The data centre assemblage, composed of silicon, GPUs, CPUs, cooling technology, and human labour, has been central to the rise of high-tech computation since the 1960s to the present. Notably, it has provided off-location storage and computing power to its users at a distance. While massive buildouts of AI data centres colonise the earth, they are by far a stable entity. On the contrary, every “new” data centre from the mainframe computer to AI technology has required a complete overhaul. Our presentation reads such processes of industrial transformation through the lens of cannibal capitalism (Fraser, 2023; Jay & Conklin, 2020). “Silicon Lives” are thus entrenched in “Silicon Ghosts”, suggesting that data centre innovation and data centre collapse go hand-in-hand.

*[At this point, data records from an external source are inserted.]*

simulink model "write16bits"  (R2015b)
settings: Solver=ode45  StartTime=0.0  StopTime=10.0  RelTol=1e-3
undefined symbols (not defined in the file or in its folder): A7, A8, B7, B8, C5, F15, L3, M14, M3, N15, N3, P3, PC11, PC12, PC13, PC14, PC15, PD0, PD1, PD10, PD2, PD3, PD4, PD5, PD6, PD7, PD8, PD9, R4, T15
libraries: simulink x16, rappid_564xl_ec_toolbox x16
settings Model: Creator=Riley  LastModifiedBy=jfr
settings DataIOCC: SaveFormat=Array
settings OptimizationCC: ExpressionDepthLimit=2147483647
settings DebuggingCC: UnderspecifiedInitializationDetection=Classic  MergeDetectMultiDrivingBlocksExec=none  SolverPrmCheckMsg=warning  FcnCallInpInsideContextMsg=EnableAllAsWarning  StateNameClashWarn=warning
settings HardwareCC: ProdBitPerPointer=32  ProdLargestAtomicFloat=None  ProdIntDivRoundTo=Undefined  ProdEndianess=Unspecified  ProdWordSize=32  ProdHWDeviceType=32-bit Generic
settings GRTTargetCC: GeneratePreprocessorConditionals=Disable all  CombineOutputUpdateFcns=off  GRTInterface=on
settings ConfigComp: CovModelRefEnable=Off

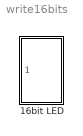
== system write16bits ==
  16bit LED : Subsystem

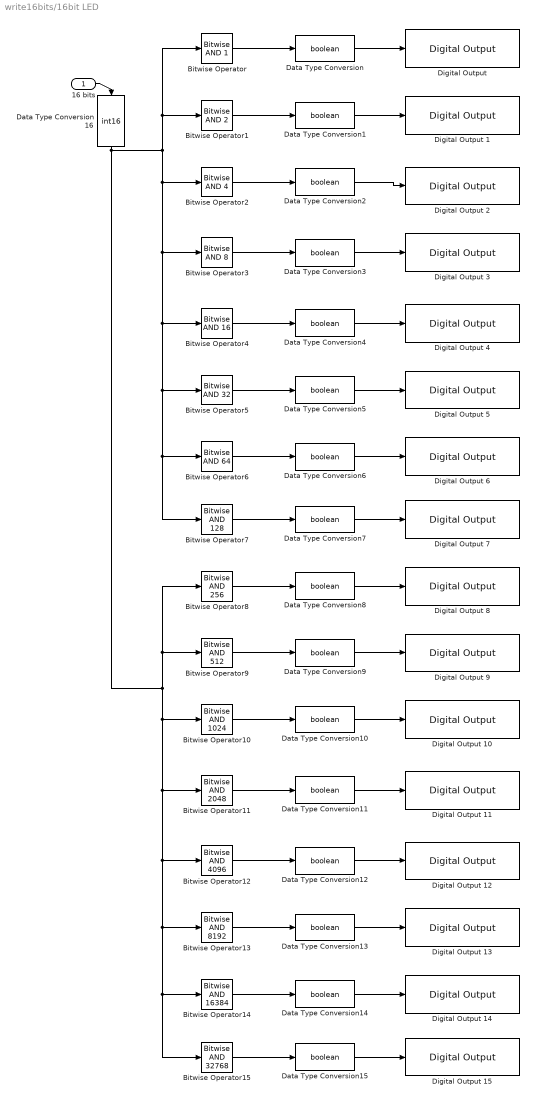
== system write16bits/16bit LED ==
  16 bits : Inport
  Bitwise Operator : simulink/Logic and Bit Operations/Bitwise Operator  logicop=AND  UseBitMask=on  BitMask=1  BitMaskRealWorld=Stored Integer
  Bitwise Operator1 : simulink/Logic and Bit Operations/Bitwise Operator  logicop=AND  UseBitMask=on  BitMask=2  BitMaskRealWorld=Stored Integer
  Bitwise Operator10 : simulink/Logic and Bit Operations/Bitwise Operator  logicop=AND  UseBitMask=on  BitMask=1024  BitMaskRealWorld=Stored Integer
  Bitwise Operator11 : simulink/Logic and Bit Operations/Bitwise Operator  logicop=AND  UseBitMask=on  BitMask=2048  BitMaskRealWorld=Stored Integer
  Bitwise Operator12 : simulink/Logic and Bit Operations/Bitwise Operator  logicop=AND  UseBitMask=on  BitMask=4096  BitMaskRealWorld=Stored Integer
  Bitwise Operator13 : simulink/Logic and Bit Operations/Bitwise Operator  logicop=AND  UseBitMask=on  BitMask=8192  BitMaskRealWorld=Stored Integer
  Bitwise Operator14 : simulink/Logic and Bit Operations/Bitwise Operator  logicop=AND  UseBitMask=on  BitMask=16384  BitMaskRealWorld=Stored Integer
  Bitwise Operator15 : simulink/Logic and Bit Operations/Bitwise Operator  logicop=AND  UseBitMask=on  BitMask=32768  BitMaskRealWorld=Stored Integer
  Bitwise Operator2 : simulink/Logic and Bit Operations/Bitwise Operator  logicop=AND  UseBitMask=on  BitMask=4  BitMaskRealWorld=Stored Integer
  Bitwise Operator3 : simulink/Logic and Bit Operations/Bitwise Operator  logicop=AND  UseBitMask=on  BitMask=8  BitMaskRealWorld=Stored Integer
  Bitwise Operator4 : simulink/Logic and Bit Operations/Bitwise Operator  logicop=AND  UseBitMask=on  BitMask=16  BitMaskRealWorld=Stored Integer
  Bitwise Operator5 : simulink/Logic and Bit Operations/Bitwise Operator  logicop=AND  UseBitMask=on  BitMask=32  BitMaskRealWorld=Stored Integer
  Bitwise Operator6 : simulink/Logic and Bit Operations/Bitwise Operator  logicop=AND  UseBitMask=on  BitMask=64  BitMaskRealWorld=Stored Integer
  Bitwise Operator7 : simulink/Logic and Bit Operations/Bitwise Operator  logicop=AND  UseBitMask=on  BitMask=128  BitMaskRealWorld=Stored Integer
  Bitwise Operator8 : simulink/Logic and Bit Operations/Bitwise Operator  logicop=AND  UseBitMask=on  BitMask=256  BitMaskRealWorld=Stored Integer
  Bitwise Operator9 : simulink/Logic and Bit Operations/Bitwise Operator  logicop=AND  UseBitMask=on  BitMask=512  BitMaskRealWorld=Stored Integer
  Data Type Conversion{,1..15} (16 alike) : DataTypeConversion  OutDataTypeStr=boolean
  Data Type Conversion16 : DataTypeConversion  OutDataTypeStr=int16
  "Digital Output " : rappid_564xl_ec_toolbox/MPC564xL/General Purpose Blocks/Digital Output   gpio_outputs="43  : PC11 : [ 80 ] : [ M14 ]"  pinNum=[ 80 ]  pcrNum=43
  Digital Output 1 : rappid_564xl_ec_toolbox/MPC564xL/General Purpose Blocks/Digital Output   gpio_outputs="44  : PC12 : [ 82 ] : [ N15 ]"  pinNum=[ 82 ]  pcrNum=44
  Digital Output 10 : rappid_564xl_ec_toolbox/MPC564xL/General Purpose Blocks/Digital Output   gpio_outputs="53  : PD5  : [ 33 ] : [ N3 ]"  pinNum=[ 33 ]  pcrNum=53
  Digital Output 11 : rappid_564xl_ec_toolbox/MPC564xL/General Purpose Blocks/Digital Output   gpio_outputs="54  : PD6  : [ 34 ] : [ P3 ]"  pinNum=[ 34 ]  pcrNum=54
  Digital Output 12 : rappid_564xl_ec_toolbox/MPC564xL/General Purpose Blocks/Digital Output   gpio_outputs="55  : PD7  : [ 37 ] : [ R4 ]"  pinNum=[ 37 ]  pcrNum=55
  Digital Output 13 : rappid_564xl_ec_toolbox/MPC564xL/General Purpose Blocks/Digital Output   gpio_outputs="56  : PD8  : [ 32 ] : [ M3 ]"  pinNum=[ 32 ]  pcrNum=56
  Digital Output 14 : rappid_564xl_ec_toolbox/MPC564xL/General Purpose Blocks/Digital Output   gpio_outputs="57  : PD9  : [ 26 ] : [ L3 ]"  pinNum=[ 26 ]  pcrNum=57
  Digital Output 15 : rappid_564xl_ec_toolbox/MPC564xL/General Purpose Blocks/Digital Output   gpio_outputs="58  : PD10 : [ 76 ] : [ T15 ]"  pinNum=[ 76 ]  pcrNum=58
  Digital Output 2 : rappid_564xl_ec_toolbox/MPC564xL/General Purpose Blocks/Digital Output   gpio_outputs="45  : PC13 : [ 101 ] : [ F15 ]"  pinNum=[ 101 ]  pcrNum=45
  Digital Output 3 : rappid_564xl_ec_toolbox/MPC564xL/General Purpose Blocks/Digital Output   gpio_outputs="46  : PC14 : [ 103 ] : [ E15 ]"  pinNum=[ 103 ]  pcrNum=46
  Digital Output 4 : rappid_564xl_ec_toolbox/MPC564xL/General Purpose Blocks/Digital Output   gpio_outputs="47  : PC15 : [ 124 ] : [ A8 ]"  pinNum=[ 124 ]  pcrNum=47
  Digital Output 5 : rappid_564xl_ec_toolbox/MPC564xL/General Purpose Blocks/Digital Output   gpio_outputs="48  : PD0  : [ 125 ] : [ B8 ]"  pinNum=[ 125 ]  pcrNum=48
  Digital Output 6 : rappid_564xl_ec_toolbox/MPC564xL/General Purpose Blocks/Digital Output   gpio_outputs="49  : PD1  : [ 3 ] : [ E3 ]"  pinNum=[ 3 ]  pcrNum=49
  Digital Output 7 : rappid_564xl_ec_toolbox/MPC564xL/General Purpose Blocks/Digital Output   gpio_outputs="50  : PD2  : [ 140 ] : [ C5 ]"  pinNum=[ 140 ]  pcrNum=50
  Digital Output 8 : rappid_564xl_ec_toolbox/MPC564xL/General Purpose Blocks/Digital Output   gpio_outputs="51  : PD3  : [ 128 ] : [ A7 ]"  pinNum=[ 128 ]  pcrNum=51
  Digital Output 9 : rappid_564xl_ec_toolbox/MPC564xL/General Purpose Blocks/Digital Output   gpio_outputs="52  : PD4  : [ 129 ] : [ B7 ]"  pinNum=[ 129 ]  pcrNum=52
  wires:
  Data Type Conversion16/1 -> Bitwise Operator10/1, Bitwise Operator11/1, Bitwise Operator12/1, Bitwise Operator13/1, Bitwise Operator14/1, Bitwise Operator15/1, Bitwise Operator9/1, Bitwise Operator8/1, Bitwise Operator/1, Bitwise Operator1/1, Bitwise Operator7/1, Bitwise Operator6/1, Bitwise Operator5/1, Bitwise Operator4/1, Bitwise Operator3/1, Bitwise Operator2/1
  Bitwise Operator15/1 -> Data Type Conversion15/1
  Data Type Conversion15/1 -> Digital Output 15/1
  Bitwise Operator14/1 -> Data Type Conversion14/1
  Data Type Conversion14/1 -> Digital Output 14/1
  Bitwise Operator13/1 -> Data Type Conversion13/1
  Data Type Conversion13/1 -> Digital Output 13/1
  Bitwise Operator8/1 -> Data Type Conversion8/1
  Bitwise Operator9/1 -> Data Type Conversion9/1
  Bitwise Operator10/1 -> Data Type Conversion10/1
  Bitwise Operator11/1 -> Data Type Conversion11/1
  Bitwise Operator12/1 -> Data Type Conversion12/1
  Data Type Conversion8/1 -> Digital Output 8/1
  Data Type Conversion9/1 -> Digital Output 9/1
  Data Type Conversion10/1 -> Digital Output 10/1
  Data Type Conversion11/1 -> Digital Output 11/1
  Data Type Conversion12/1 -> Digital Output 12/1
  Bitwise Operator7/1 -> Data Type Conversion7/1
  Data Type Conversion7/1 -> Digital Output 7/1
  Bitwise Operator6/1 -> Data Type Conversion6/1
  Data Type Conversion6/1 -> Digital Output 6/1
  Bitwise Operator5/1 -> Data Type Conversion5/1
  Data Type Conversion5/1 -> Digital Output 5/1
  Bitwise Operator/1 -> Data Type Conversion/1
  Bitwise Operator1/1 -> Data Type Conversion1/1
  Bitwise Operator2/1 -> Data Type Conversion2/1
  Bitwise Operator3/1 -> Data Type Conversion3/1
  Bitwise Operator4/1 -> Data Type Conversion4/1
  16 bits/1 -> Data Type Conversion16/1
  Data Type Conversion/1 -> "Digital Output "/1
  Data Type Conversion1/1 -> Digital Output 1/1
  Data Type Conversion2/1 -> Digital Output 2/1
  Data Type Conversion3/1 -> Digital Output 3/1
  Data Type Conversion4/1 -> Digital Output 4/1

With an area focus on Germany, we study Silicon Ghosts in several forms. For instance, we look at the cannibalisation of older industries by data centres, with the example of a US hyperscaler swallowing the former industrial areas in Frankfurt. Similarly, we study how AI hyperscalers lead to the collapse of older data centres, as retrofitting existing infrastructures for new computational demands is deemed unprofitable (Brodie & Velkova, 2021; Velkova, 2023). Lastly, we turn to the afterlife of capital’s digestion, tracing how cables, coolants, and silicon chips circulate as waste.